Recently, a university student emailed me with a question about sin. What had happened is this: A man came on the university campus where she attended, and began shouting at students that their sins are not equal in God’s sight, and that some of their sins would keep them from heaven. She was angry at this man for condemning a crowd of students who may have genuinely wanted to know more about Christianity. (Note: I couldn’t agree more.). But then she wondered, Was what he said warranted? She had always thought all sins were equal in God’s eyes. She started looking up verses and checking websites, but instead of confirming what she had been taught in Sunday school since she was a kid, she found some contradictions.
Her question was this: Are all sins equal in God’s eyes? If not, can some sins keep you from heaven even if you trusted in Christ as your Savior? This is my response to her.
First, it’s obviously true that some sins are worse than others (murder is worse than breaking the speed limit, etc.). The Old Testament shows this when God requires different sacrifices for different sins — two doves for minor sins, a bull or a ram for worse sins, etc. Common sense alone tells us this — we’d consider it absurd to punish a jaywalker the same way we do a rapist! Different sins call for different penalties — God’s ‘eye for an eye, tooth for a tooth’ shows this. However, the guy verbally accosting students was wrong if he said that ‘some sins will keep you from heaven.’ The fact is, ANY sin will keep us from heaven! A holy (perfect, separated from all sin) God cannot countenance even one sin!
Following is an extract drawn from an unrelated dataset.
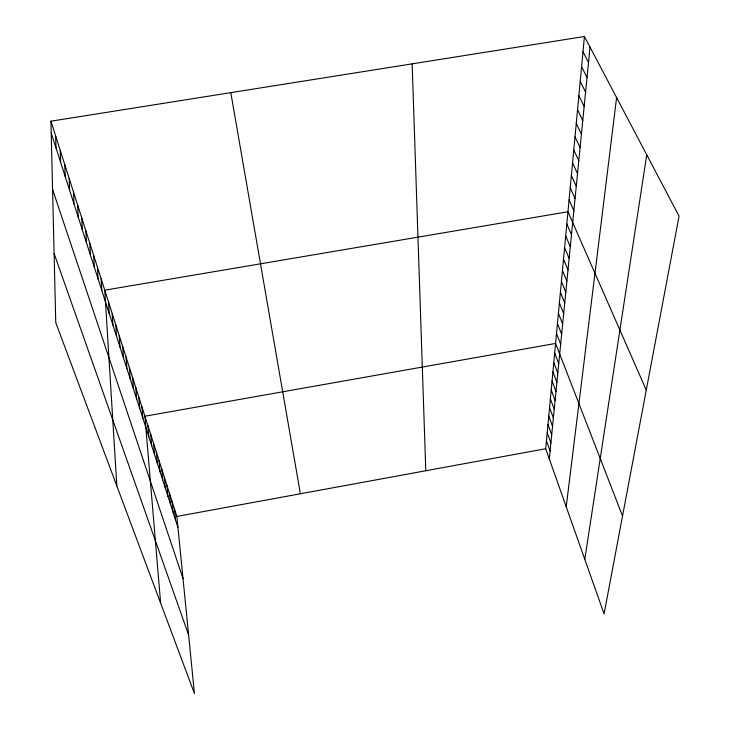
<?xml version="1.0" encoding="UTF-8"?>
<svg xmlns="http://www.w3.org/2000/svg" width="730" height="730" viewBox="0 0 730 730"><rect width="100%" height="100%" fill="white"/><g stroke="black" fill="none" stroke-linecap="round" stroke-linejoin="round"><path stroke-width="1.09" d="M584.429 36.5L679.064 216.153L604.084 613.884L545.702 448.74L584.429 36.5L50.936 121.198L55.754 322.587L194.426 693.5L176.843 516.448L50.936 121.198M549.316 458.969L590.023 47.121M566.215 506.757L616.604 97.592M584.794 559.317L646.743 154.787M176.843 516.448L545.702 448.74M582.987 51.803L588.508 62.451M581.582 66.768L587.02 77.444M580.213 81.395L585.579 92.099M578.863 95.712L584.155 106.425M577.549 109.719L582.777 120.45M576.262 123.425L581.418 134.165M575.003 136.839L580.095 147.597M573.771 149.978L578.79 160.737M572.557 162.845L577.521 173.612M571.371 175.446L576.271 186.214M570.212 187.793L575.058 198.56M569.081 199.892L573.862 210.66M646.269 390.112L567.967 211.755L104.764 290.184L116.846 485.988M566.818 223.973L571.481 234.722M565.695 235.945L570.294 246.685M564.591 247.671L569.144 258.402M563.514 259.168L568.004 269.881M562.456 270.428L566.891 281.132M561.416 281.47L565.805 292.164M560.394 292.301L564.737 302.968M559.399 302.923L563.688 313.571M558.423 313.343L562.657 323.974M557.464 323.563L561.653 334.167M556.515 333.592L560.667 344.177M622.535 516.01L555.594 343.438L144.914 416.219L160.627 603.108M554.69 353.092L558.742 363.64M553.796 362.582L557.802 373.103M552.92 371.899L556.89 382.392M552.062 381.051L555.986 391.508M551.214 390.03L555.101 400.469M550.383 398.863L554.234 409.274M549.571 407.541L553.377 417.916M548.768 416.063L552.537 426.411M547.984 424.44L551.707 434.761M547.208 432.68L550.904 442.973M546.451 440.783L550.101 451.04M54.102 253.547L188.605 634.899M52.569 189.426L183.011 578.552M51.219 133.033L177.928 527.389M230.799 92.637L300.386 493.772M174.433 508.892L175.51 519.87M171.979 501.2L173.056 512.223M169.488 493.37L170.555 504.43M166.951 485.404L168 496.51M164.369 477.292L165.409 488.434M161.741 469.043L162.772 480.221M159.058 460.639L160.08 471.854M156.339 452.08L157.351 463.34M153.555 443.365L154.559 454.662M150.736 434.487L151.721 445.82M147.852 425.435L148.82 436.814M141.921 406.829L142.87 418.272M138.873 397.248L139.804 408.727M135.762 387.484L136.674 399M132.586 377.529L133.481 389.072M129.356 367.373L130.232 378.952M126.053 357.016L126.911 368.623M122.686 346.44L123.525 358.074M119.246 335.654L120.067 347.316M115.742 324.64L116.535 336.329M112.155 313.398L112.931 325.115M108.505 301.91L109.254 313.654M101.132 278.796L101.835 290.577M97.428 267.162L98.103 278.97M93.65 255.29L94.298 267.107M89.79 243.163L90.401 254.998M85.839 230.78L86.432 242.625M81.806 218.124L82.362 229.977M77.69 205.185L78.21 217.047M73.474 191.963L73.967 203.834M69.167 178.448L69.624 190.311M64.769 164.624L65.18 176.487M412.149 63.848L425.791 470.759M60.262 150.48L60.636 162.343M55.653 136.008L55.982 147.861"/></g></svg>

You have to distinguish between relationship and fellowship. A child is in a relationship with his or her parents, by virtue of birth. Nothing can change that relationship. However, a child can be out of fellowship with his or her parents, by virtue of what that child chooses to do, or how he or she chooses to live. Relationship is unchanging and continues for life; fellowship is not — it is maintained through personal choices and obedience. The same is true in our spiritual lives.
Every person is a sinner (big or small; see Rom 3.23 — “All have sinned…”), and by virtue of this fact does not have a relationship with God (we aren’t ‘in His family’). In regard to our relationship with God, any sin (big or small) keeps us from being saved, and going to heaven. The ‘cure’ for this broken relationship is Jesus’ death on the cross, that paid for every sin of every person who ever lived (1 Jn 2.2). That’s why Jesus said on the cross, as He died, “It is finished!” He had paid the price for every sin, and when we believe in Him, we are declared righteous; verses like Rom 4.4-5 and 2 Cor 5.21 express this awesome truth. We are ‘born again’ into God’s forever family; we are “in Christ” — His righteousness is ‘credited’ to our account. God sees us now as righteous. This is God’s free gift to all who believe in His Son. That is our relationship.
But after we are saved, our fellowship with God — not our relationship (we’re in His family, and have eternal life) — is determined by our obedience and devotion to Him (1 Jn 1.6-7 expresses this clearly). Any sin breaks fellowship, and the way to restore fellowship with God is to confess our sins (1 Jn 1.9). He’s always ready to forgive our sins — no matter how bad. No sin is too big, or too bad, that God cannot or will not forgive it when we confess, and restore our fellowship with Him.
And yet, some sins have greater ramifications than others. They affect our lives, or the lives of others, often for years. God’s ‘temporal judgment’ for sin in our lives varies; as Paul wrote in 1 Cor 11.30, because of their sins, some of the Corinthian Christians were sick, and others ‘sleep’ (had died). As a pastor, I often deal with Christians who are battling the results of past sins — drug abuse, alcoholism, sexual immorality, financial indebtedness, or just years ignoring the Lord through distractions or disinterestedness. No one will completely overcome sin or its effects in this life (1 Jn 1.8, 10), but through confession and living for Christ, we can be “more than conquerors” (Rom 8.37 — but read the whole chapter…one of my favorites!).